* **ASSIGNED TASK**: Look through the records below for the line with "#1=APPLICATION_CONTEXT('core data for" and the line with "#18=AXIS2_PLACEMENT_3D('',#15,#16,#17);", then return those lines and all lines between, exactly.

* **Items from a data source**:
————————
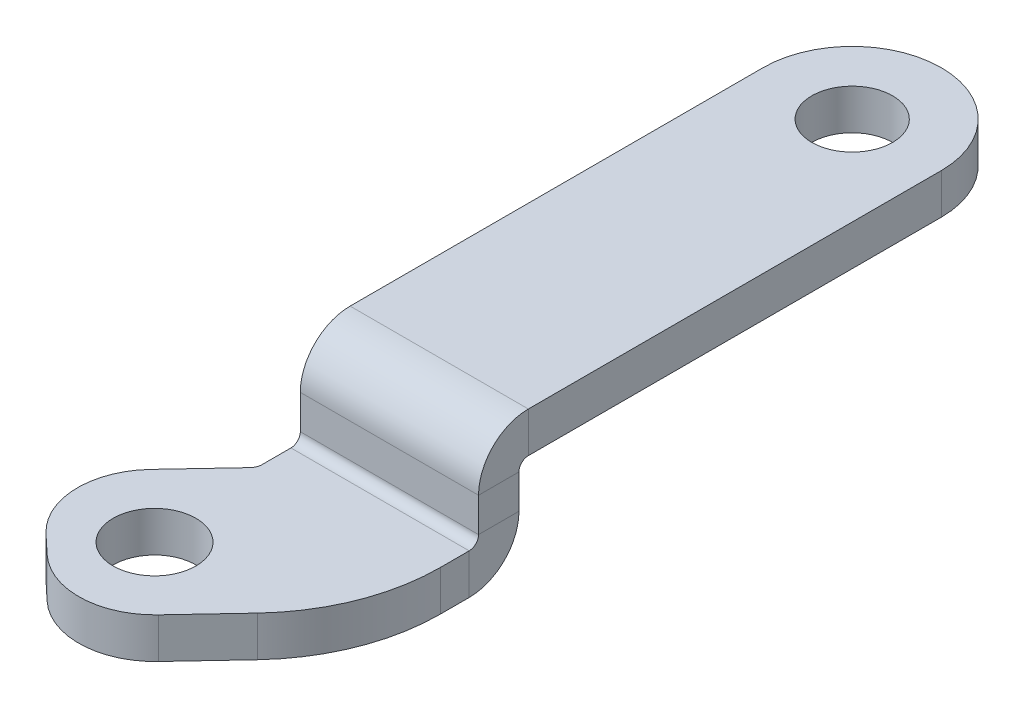
ISO-10303-21;
HEADER;
FILE_DESCRIPTION(('STEP AP214'),'2;1');
FILE_NAME('part.step','',(''),(''),'','','');
FILE_SCHEMA(('AUTOMOTIVE_DESIGN { 1 0 10303 214 1 1 1 1 }'));
ENDSEC;
DATA;
#1=APPLICATION_CONTEXT('core data for automotive mechanical design processes');
#2=APPLICATION_PROTOCOL_DEFINITION('international standard','automotive_design',2000,#1);
#3=PRODUCT_CONTEXT('',#1,'mechanical');
#4=PRODUCT('Part','Part','',(#3));
#5=PRODUCT_RELATED_PRODUCT_CATEGORY('part','',(#4));
#6=PRODUCT_DEFINITION_FORMATION('','',#4);
#7=PRODUCT_DEFINITION_CONTEXT('part definition',#1,'design');
#8=PRODUCT_DEFINITION('design','',#6,#7);
#9=PRODUCT_DEFINITION_SHAPE('','',#8);
#10=(LENGTH_UNIT() NAMED_UNIT(*) SI_UNIT(.MILLI.,.METRE.));
#11=(NAMED_UNIT(*) PLANE_ANGLE_UNIT() SI_UNIT($,.RADIAN.));
#12=(NAMED_UNIT(*) SI_UNIT($,.STERADIAN.) SOLID_ANGLE_UNIT());
#13=UNCERTAINTY_MEASURE_WITH_UNIT(LENGTH_MEASURE(1.E-05),#10,'distance_accuracy_value','');
#14=(GEOMETRIC_REPRESENTATION_CONTEXT(3) GLOBAL_UNCERTAINTY_ASSIGNED_CONTEXT((#13)) GLOBAL_UNIT_ASSIGNED_CONTEXT((#10,
#11,#12)) REPRESENTATION_CONTEXT('',''));
#15=CARTESIAN_POINT('',(0.,0.,0.));
#16=DIRECTION('',(0.,0.,1.));
#17=DIRECTION('',(1.,0.,0.));
#18=AXIS2_PLACEMENT_3D('',#15,#16,#17);
#19=CARTESIAN_POINT('',(0.,7.32499481379612,0.));
#20=DIRECTION('',(0.,-1.,0.));
#21=DIRECTION('',(0.,0.,-1.));
#22=AXIS2_PLACEMENT_3D('',#19,#20,#21);
#23=PLANE('',#22);
#24=DIRECTION('',(0.,0.,-1.));
#25=VECTOR('',#24,1.);
#26=CARTESIAN_POINT('',(12.9500036071504,7.32499481379612,0.));
#27=LINE('',#26,#25);
#28=CARTESIAN_POINT('',(12.9500036071504,7.32499481379612,-16.4116));
#29=VERTEX_POINT('',#28);
#30=CARTESIAN_POINT('',(12.9500036071504,7.32499481379612,-48.8499986312992));
#31=VERTEX_POINT('',#30);
#32=EDGE_CURVE('E261',#29,#31,#27,.T.);
#33=ORIENTED_EDGE('',*,*,#32,.T.);
#34=CARTESIAN_POINT('',(5.9500036071504,7.32499481379612,-48.8499986312992));
#35=DIRECTION('',(0.,1.,0.));
#36=DIRECTION('',(0.,0.,1.));
#37=AXIS2_PLACEMENT_3D('',#34,#35,#36);
#38=CIRCLE('',#37,7.);
#39=CARTESIAN_POINT('',(-1.0499963928496,7.32499481379612,-48.8499986312992));
#40=VERTEX_POINT('',#39);
#41=EDGE_CURVE('E244',#40,#31,#38,.F.);
#42=ORIENTED_EDGE('',*,*,#41,.F.);
#43=DIRECTION('',(0.,0.,1.));
#44=VECTOR('',#43,1.);
#45=CARTESIAN_POINT('',(-1.04999639284959,7.32499481379612,0.));
#46=LINE('',#45,#44);
#47=CARTESIAN_POINT('',(-1.0499963928496,7.32499481379612,-16.4116));
#48=VERTEX_POINT('',#47);
#49=EDGE_CURVE('E259',#40,#48,#46,.T.);
#50=ORIENTED_EDGE('',*,*,#49,.T.);
#51=DIRECTION('',(1.,0.,0.));
#52=VECTOR('',#51,1.);
#53=CARTESIAN_POINT('',(-1.0499963928496,7.32499481379612,-16.4116));
#54=LINE('',#53,#52);
#55=EDGE_CURVE('E263',#29,#48,#54,.F.);
#56=ORIENTED_EDGE('',*,*,#55,.F.);
#57=EDGE_LOOP('',(#33,#42,#50,#56));
#58=FACE_BOUND('',#57,.T.);
#59=CARTESIAN_POINT('',(5.9500036071504,7.32499481379612,-48.8499986312992));
#60=DIRECTION('',(0.,1.,0.));
#61=DIRECTION('',(0.,0.,1.));
#62=AXIS2_PLACEMENT_3D('',#59,#60,#61);
#63=CIRCLE('',#62,3.175);
#64=CARTESIAN_POINT('',(5.9500036071504,7.32499481379612,-45.6749986312992));
#65=VERTEX_POINT('',#64);
#66=EDGE_CURVE('E794',#65,#65,#63,.T.);
#67=ORIENTED_EDGE('',*,*,#66,.F.);
#68=EDGE_LOOP('',(#67));
#69=FACE_BOUND('',#68,.T.);
#70=ADVANCED_FACE('F105',(#58,#69),#23,.F.);
#71=CARTESIAN_POINT('',(0.,4.14999481379613,0.));
#72=DIRECTION('',(0.,-1.,0.));
#73=DIRECTION('',(0.,0.,-1.));
#74=AXIS2_PLACEMENT_3D('',#71,#72,#73);
#75=PLANE('',#74);
#76=CARTESIAN_POINT('',(5.9500036071504,4.14999481379612,-48.8499986312992));
#77=DIRECTION('',(0.,1.,0.));
#78=DIRECTION('',(0.,0.,1.));
#79=AXIS2_PLACEMENT_3D('',#76,#77,#78);
#80=CIRCLE('',#79,7.);
#81=CARTESIAN_POINT('',(-1.0499963928496,4.14999481379612,-48.8499986312992));
#82=VERTEX_POINT('',#81);
#83=CARTESIAN_POINT('',(12.9500036071504,4.14999481379612,-48.8499986312992));
#84=VERTEX_POINT('',#83);
#85=EDGE_CURVE('E233',#82,#84,#80,.F.);
#86=ORIENTED_EDGE('',*,*,#85,.T.);
#87=DIRECTION('',(0.,0.,1.));
#88=VECTOR('',#87,1.);
#89=CARTESIAN_POINT('',(12.9500036071504,4.14999481379612,-55.8499986312992));
#90=LINE('',#89,#88);
#91=CARTESIAN_POINT('',(12.9500036071504,4.14999481379612,-16.4116));
#92=VERTEX_POINT('',#91);
#93=EDGE_CURVE('E239',#92,#84,#90,.F.);
#94=ORIENTED_EDGE('',*,*,#93,.F.);
#95=DIRECTION('',(1.,0.,0.));
#96=VECTOR('',#95,1.);
#97=CARTESIAN_POINT('',(-1.0499963928496,4.14999481379612,-16.4116));
#98=LINE('',#97,#96);
#99=CARTESIAN_POINT('',(-1.0499963928496,4.14999481379612,-16.4116));
#100=VERTEX_POINT('',#99);
#101=EDGE_CURVE('E269',#100,#92,#98,.T.);
#102=ORIENTED_EDGE('',*,*,#101,.F.);
#103=DIRECTION('',(0.,0.,-1.));
#104=VECTOR('',#103,1.);
#105=CARTESIAN_POINT('',(-1.0499963928496,4.14999481379612,-15.675));
#106=LINE('',#105,#104);
#107=EDGE_CURVE('E240',#82,#100,#106,.F.);
#108=ORIENTED_EDGE('',*,*,#107,.F.);
#109=EDGE_LOOP('',(#86,#94,#102,#108));
#110=FACE_BOUND('',#109,.T.);
#111=CARTESIAN_POINT('',(5.9500036071504,4.14999481379612,-48.8499986312992));
#112=DIRECTION('',(0.,1.,0.));
#113=DIRECTION('',(0.,0.,1.));
#114=AXIS2_PLACEMENT_3D('',#111,#112,#113);
#115=CIRCLE('',#114,3.175);
#116=CARTESIAN_POINT('',(5.9500036071504,4.14999481379612,-45.6749986312992));
#117=VERTEX_POINT('',#116);
#118=EDGE_CURVE('E253',#117,#117,#115,.T.);
#119=ORIENTED_EDGE('',*,*,#118,.T.);
#120=EDGE_LOOP('',(#119));
#121=FACE_BOUND('',#120,.T.);
#122=ADVANCED_FACE('F235',(#110,#121),#75,.T.);
#123=CARTESIAN_POINT('',(12.9500036071504,7.32499481379612,-55.8499986312992));
#124=DIRECTION('',(-1.,0.,0.));
#125=DIRECTION('',(0.,0.,1.));
#126=AXIS2_PLACEMENT_3D('',#123,#124,#125);
#127=PLANE('',#126);
#128=DIRECTION('',(0.,1.,0.));
#129=VECTOR('',#128,1.);
#130=CARTESIAN_POINT('',(12.9500036071504,4.14999481379612,-48.8499986312992));
#131=LINE('',#130,#129);
#132=EDGE_CURVE('E247',#84,#31,#131,.T.);
#133=ORIENTED_EDGE('',*,*,#132,.T.);
#134=ORIENTED_EDGE('',*,*,#32,.F.);
#135=DIRECTION('',(0.,-1.,0.));
#136=VECTOR('',#135,1.);
#137=CARTESIAN_POINT('',(12.9500036071504,4.14999481379612,-16.4116));
#138=LINE('',#137,#136);
#139=EDGE_CURVE('E258',#92,#29,#138,.F.);
#140=ORIENTED_EDGE('',*,*,#139,.F.);
#141=ORIENTED_EDGE('',*,*,#93,.T.);
#142=EDGE_LOOP('',(#133,#134,#140,#141));
#143=FACE_BOUND('',#142,.T.);
#144=ADVANCED_FACE('F256',(#143),#127,.F.);
#145=CARTESIAN_POINT('',(12.9500036071504,0.,-15.675));
#146=DIRECTION('',(-1.,0.,0.));
#147=DIRECTION('',(0.,0.,1.));
#148=AXIS2_PLACEMENT_3D('',#145,#146,#147);
#149=PLANE('',#148);
#150=DIRECTION('',(0.,0.,1.));
#151=VECTOR('',#150,1.);
#152=CARTESIAN_POINT('',(12.9500036071504,3.41339481379613,-15.675));
#153=LINE('',#152,#151);
#154=CARTESIAN_POINT('',(12.9500036071504,3.41339481379613,-15.675));
#155=VERTEX_POINT('',#154);
#156=CARTESIAN_POINT('',(12.9500036071504,3.41339481379614,-12.5));
#157=VERTEX_POINT('',#156);
#158=EDGE_CURVE('E279',#155,#157,#153,.T.);
#159=ORIENTED_EDGE('',*,*,#158,.T.);
#160=DIRECTION('',(0.,-1.,0.));
#161=VECTOR('',#160,1.);
#162=CARTESIAN_POINT('',(12.9500036071504,0.,-12.5));
#163=LINE('',#162,#161);
#164=CARTESIAN_POINT('',(12.9500036071504,0.736599999999989,-12.5));
#165=VERTEX_POINT('',#164);
#166=EDGE_CURVE('E305',#157,#165,#163,.T.);
#167=ORIENTED_EDGE('',*,*,#166,.T.);
#168=DIRECTION('',(0.,0.,-1.));
#169=VECTOR('',#168,1.);
#170=CARTESIAN_POINT('',(12.9500036071504,0.736599999999997,-12.5));
#171=LINE('',#170,#169);
#172=CARTESIAN_POINT('',(12.9500036071504,0.736599999999978,-15.675));
#173=VERTEX_POINT('',#172);
#174=EDGE_CURVE('E292',#165,#173,#171,.T.);
#175=ORIENTED_EDGE('',*,*,#174,.T.);
#176=DIRECTION('',(0.,-1.,0.));
#177=VECTOR('',#176,1.);
#178=CARTESIAN_POINT('',(12.9500036071504,0.,-15.675));
#179=LINE('',#178,#177);
#180=EDGE_CURVE('E306',#155,#173,#179,.T.);
#181=ORIENTED_EDGE('',*,*,#180,.F.);
#182=EDGE_LOOP('',(#159,#167,#175,#181));
#183=FACE_BOUND('',#182,.T.);
#184=ADVANCED_FACE('F437',(#183),#149,.F.);
#185=CARTESIAN_POINT('',(-1.0499963928496,7.32499481379612,-15.675));
#186=DIRECTION('',(1.,0.,0.));
#187=DIRECTION('',(0.,0.,-1.));
#188=AXIS2_PLACEMENT_3D('',#185,#186,#187);
#189=PLANE('',#188);
#190=DIRECTION('',(0.,0.,1.));
#191=VECTOR('',#190,1.);
#192=CARTESIAN_POINT('',(-1.0499963928496,3.41339481379613,-15.675));
#193=LINE('',#192,#191);
#194=CARTESIAN_POINT('',(-1.0499963928496,3.41339481379613,-15.675));
#195=VERTEX_POINT('',#194);
#196=CARTESIAN_POINT('',(-1.0499963928496,3.41339481379613,-12.5));
#197=VERTEX_POINT('',#196);
#198=EDGE_CURVE('E290',#195,#197,#193,.T.);
#199=ORIENTED_EDGE('',*,*,#198,.F.);
#200=DIRECTION('',(0.,1.,0.));
#201=VECTOR('',#200,1.);
#202=CARTESIAN_POINT('',(-1.0499963928496,7.32499481379612,-15.675));
#203=LINE('',#202,#201);
#204=CARTESIAN_POINT('',(-1.0499963928496,0.736600000000019,-15.675));
#205=VERTEX_POINT('',#204);
#206=EDGE_CURVE('E308',#205,#195,#203,.T.);
#207=ORIENTED_EDGE('',*,*,#206,.F.);
#208=DIRECTION('',(0.,0.,-1.));
#209=VECTOR('',#208,1.);
#210=CARTESIAN_POINT('',(-1.0499963928496,0.736599999999997,-12.5));
#211=LINE('',#210,#209);
#212=CARTESIAN_POINT('',(-1.0499963928496,0.736599999999989,-12.5));
#213=VERTEX_POINT('',#212);
#214=EDGE_CURVE('E297',#213,#205,#211,.T.);
#215=ORIENTED_EDGE('',*,*,#214,.F.);
#216=DIRECTION('',(0.,1.,0.));
#217=VECTOR('',#216,1.);
#218=CARTESIAN_POINT('',(-1.0499963928496,7.32499481379613,-12.5));
#219=LINE('',#218,#217);
#220=EDGE_CURVE('E309',#213,#197,#219,.T.);
#221=ORIENTED_EDGE('',*,*,#220,.T.);
#222=EDGE_LOOP('',(#199,#207,#215,#221));
#223=FACE_BOUND('',#222,.T.);
#224=ADVANCED_FACE('F450',(#223),#189,.F.);
#225=CARTESIAN_POINT('',(0.,0.,-15.675));
#226=DIRECTION('',(0.,0.,1.));
#227=DIRECTION('',(0.,-1.,0.));
#228=AXIS2_PLACEMENT_3D('',#225,#226,#227);
#229=PLANE('',#228);
#230=DIRECTION('',(1.,0.,0.));
#231=VECTOR('',#230,1.);
#232=CARTESIAN_POINT('',(12.9500036071504,3.41339481379613,-15.675));
#233=LINE('',#232,#231);
#234=EDGE_CURVE('E285',#155,#195,#233,.F.);
#235=ORIENTED_EDGE('',*,*,#234,.F.);
#236=ORIENTED_EDGE('',*,*,#180,.T.);
#237=DIRECTION('',(1.,0.,0.));
#238=VECTOR('',#237,1.);
#239=CARTESIAN_POINT('',(0.,0.736600000000019,-15.675));
#240=LINE('',#239,#238);
#241=EDGE_CURVE('E300',#205,#173,#240,.T.);
#242=ORIENTED_EDGE('',*,*,#241,.F.);
#243=ORIENTED_EDGE('',*,*,#206,.T.);
#244=EDGE_LOOP('',(#235,#236,#242,#243));
#245=FACE_BOUND('',#244,.T.);
#246=ADVANCED_FACE('F453',(#245),#229,.F.);
#247=CARTESIAN_POINT('',(0.,0.,-12.5));
#248=DIRECTION('',(0.,0.,1.));
#249=DIRECTION('',(0.,-1.,0.));
#250=AXIS2_PLACEMENT_3D('',#247,#248,#249);
#251=PLANE('',#250);
#252=ORIENTED_EDGE('',*,*,#166,.F.);
#253=DIRECTION('',(1.,0.,0.));
#254=VECTOR('',#253,1.);
#255=CARTESIAN_POINT('',(12.9500036071504,3.41339481379614,-12.5));
#256=LINE('',#255,#254);
#257=EDGE_CURVE('E274',#157,#197,#256,.F.);
#258=ORIENTED_EDGE('',*,*,#257,.T.);
#259=ORIENTED_EDGE('',*,*,#220,.F.);
#260=DIRECTION('',(-1.,0.,0.));
#261=VECTOR('',#260,1.);
#262=CARTESIAN_POINT('',(12.9500036071504,0.736599999999997,-12.5));
#263=LINE('',#262,#261);
#264=EDGE_CURVE('E295',#165,#213,#263,.T.);
#265=ORIENTED_EDGE('',*,*,#264,.F.);
#266=EDGE_LOOP('',(#252,#258,#259,#265));
#267=FACE_BOUND('',#266,.T.);
#268=ADVANCED_FACE('F440',(#267),#251,.T.);
#269=CARTESIAN_POINT('',(-1.0499963928496,-3.175,-9.50000000000001));
#270=DIRECTION('',(-1.,0.,0.));
#271=DIRECTION('',(0.,0.,1.));
#272=AXIS2_PLACEMENT_3D('',#269,#270,#271);
#273=PLANE('',#272);
#274=DIRECTION('',(0.,0.,1.));
#275=VECTOR('',#274,1.);
#276=CARTESIAN_POINT('',(-1.0499963928496,0.,-9.50000000000001));
#277=LINE('',#276,#275);
#278=CARTESIAN_POINT('',(-1.0499963928496,0.,-11.7634));
#279=VERTEX_POINT('',#278);
#280=CARTESIAN_POINT('',(-1.0499963928496,0.,-9.50000000000001));
#281=VERTEX_POINT('',#280);
#282=EDGE_CURVE('E380',#279,#281,#277,.T.);
#283=ORIENTED_EDGE('',*,*,#282,.F.);
#284=DIRECTION('',(0.,-1.,0.));
#285=VECTOR('',#284,1.);
#286=CARTESIAN_POINT('',(-1.0499963928496,0.,-11.7634));
#287=LINE('',#286,#285);
#288=CARTESIAN_POINT('',(-1.0499963928496,-3.17500000000001,-11.7634));
#289=VERTEX_POINT('',#288);
#290=EDGE_CURVE('E322',#279,#289,#287,.T.);
#291=ORIENTED_EDGE('',*,*,#290,.T.);
#292=DIRECTION('',(0.,0.,1.));
#293=VECTOR('',#292,1.);
#294=CARTESIAN_POINT('',(-1.0499963928496,-3.175,-9.50000000000001));
#295=LINE('',#294,#293);
#296=CARTESIAN_POINT('',(-1.0499963928496,-3.175,-9.50000000000001));
#297=VERTEX_POINT('',#296);
#298=EDGE_CURVE('E356',#289,#297,#295,.T.);
#299=ORIENTED_EDGE('',*,*,#298,.T.);
#300=DIRECTION('',(0.,1.,0.));
#301=VECTOR('',#300,1.);
#302=CARTESIAN_POINT('',(-1.0499963928496,-3.175,-9.50000000000001));
#303=LINE('',#302,#301);
#304=EDGE_CURVE('E398',#297,#281,#303,.T.);
#305=ORIENTED_EDGE('',*,*,#304,.T.);
#306=EDGE_LOOP('',(#283,#291,#299,#305));
#307=FACE_BOUND('',#306,.T.);
#308=ADVANCED_FACE('F509',(#307),#273,.T.);
#309=CARTESIAN_POINT('',(0.728668524885231,-3.175,0.68486654235813));
#310=DIRECTION('',(0.,1.,0.));
#311=DIRECTION('',(0.,0.,1.));
#312=AXIS2_PLACEMENT_3D('',#309,#310,#311);
#313=PLANE('',#312);
#314=CARTESIAN_POINT('',(0.,-3.175,0.));
#315=DIRECTION('',(0.,1.,0.));
#316=DIRECTION('',(0.,0.,1.));
#317=AXIS2_PLACEMENT_3D('',#314,#315,#316);
#318=CIRCLE('',#317,3.25);
#319=CARTESIAN_POINT('',(0.,-3.175,3.25));
#320=VERTEX_POINT('',#319);
#321=EDGE_CURVE('E337',#320,#320,#318,.T.);
#322=ORIENTED_EDGE('',*,*,#321,.T.);
#323=EDGE_LOOP('',(#322));
#324=FACE_BOUND('',#323,.T.);
#325=DIRECTION('',(-1.,0.,0.));
#326=VECTOR('',#325,1.);
#327=CARTESIAN_POINT('',(-1.0499963928496,-3.17500000000001,-11.7634));
#328=LINE('',#327,#326);
#329=CARTESIAN_POINT('',(12.9500036071504,-3.175,-11.7634));
#330=VERTEX_POINT('',#329);
#331=EDGE_CURVE('E316',#289,#330,#328,.F.);
#332=ORIENTED_EDGE('',*,*,#331,.T.);
#333=DIRECTION('',(0.,0.,-1.));
#334=VECTOR('',#333,1.);
#335=CARTESIAN_POINT('',(12.9500036071504,-3.175,-9.50000000000001));
#336=LINE('',#335,#334);
#337=CARTESIAN_POINT('',(12.9500036071504,-3.175,-9.50000000000001));
#338=VERTEX_POINT('',#337);
#339=EDGE_CURVE('E353',#338,#330,#336,.T.);
#340=ORIENTED_EDGE('',*,*,#339,.F.);
#341=CARTESIAN_POINT('',(-2.04999639284959,-3.175,-9.50000000000001));
#342=DIRECTION('',(0.,1.,0.));
#343=DIRECTION('',(0.,0.,1.));
#344=AXIS2_PLACEMENT_3D('',#341,#342,#343);
#345=CIRCLE('',#344,15.);
#346=CARTESIAN_POINT('',(8.88003148042888,-3.175,0.772998135371942));
#347=VERTEX_POINT('',#346);
#348=EDGE_CURVE('E350',#347,#338,#345,.T.);
#349=ORIENTED_EDGE('',*,*,#348,.F.);
#350=DIRECTION('',(0.684866542358128,0.,-0.728668524885234));
#351=VECTOR('',#350,1.);
#352=CARTESIAN_POINT('',(5.10067967419663,-3.175,4.79406579650691));
#353=LINE('',#352,#351);
#354=CARTESIAN_POINT('',(5.10067967419663,-3.175,4.79406579650691));
#355=VERTEX_POINT('',#354);
#356=EDGE_CURVE('E346',#355,#347,#353,.T.);
#357=ORIENTED_EDGE('',*,*,#356,.F.);
#358=CARTESIAN_POINT('',(0.728668524885231,-3.175,0.68486654235813));
#359=DIRECTION('',(0.,1.,0.));
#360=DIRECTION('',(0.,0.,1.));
————————
* **REPLY TO THE EXERCISE**:
#1=APPLICATION_CONTEXT('core data for automotive mechanical design processes');
#2=APPLICATION_PROTOCOL_DEFINITION('international standard','automotive_design',2000,#1);
#3=PRODUCT_CONTEXT('',#1,'mechanical');
#4=PRODUCT('Part','Part','',(#3));
#5=PRODUCT_RELATED_PRODUCT_CATEGORY('part','',(#4));
#6=PRODUCT_DEFINITION_FORMATION('','',#4);
#7=PRODUCT_DEFINITION_CONTEXT('part definition',#1,'design');
#8=PRODUCT_DEFINITION('design','',#6,#7);
#9=PRODUCT_DEFINITION_SHAPE('','',#8);
#10=(LENGTH_UNIT() NAMED_UNIT(*) SI_UNIT(.MILLI.,.METRE.));
#11=(NAMED_UNIT(*) PLANE_ANGLE_UNIT() SI_UNIT($,.RADIAN.));
#12=(NAMED_UNIT(*) SI_UNIT($,.STERADIAN.) SOLID_ANGLE_UNIT());
#13=UNCERTAINTY_MEASURE_WITH_UNIT(LENGTH_MEASURE(1.E-05),#10,'distance_accuracy_value','');
#14=(GEOMETRIC_REPRESENTATION_CONTEXT(3) GLOBAL_UNCERTAINTY_ASSIGNED_CONTEXT((#13)) GLOBAL_UNIT_ASSIGNED_CONTEXT((#10,
#11,#12)) REPRESENTATION_CONTEXT('',''));
#15=CARTESIAN_POINT('',(0.,0.,0.));
#16=DIRECTION('',(0.,0.,1.));
#17=DIRECTION('',(1.,0.,0.));
#18=AXIS2_PLACEMENT_3D('',#15,#16,#17);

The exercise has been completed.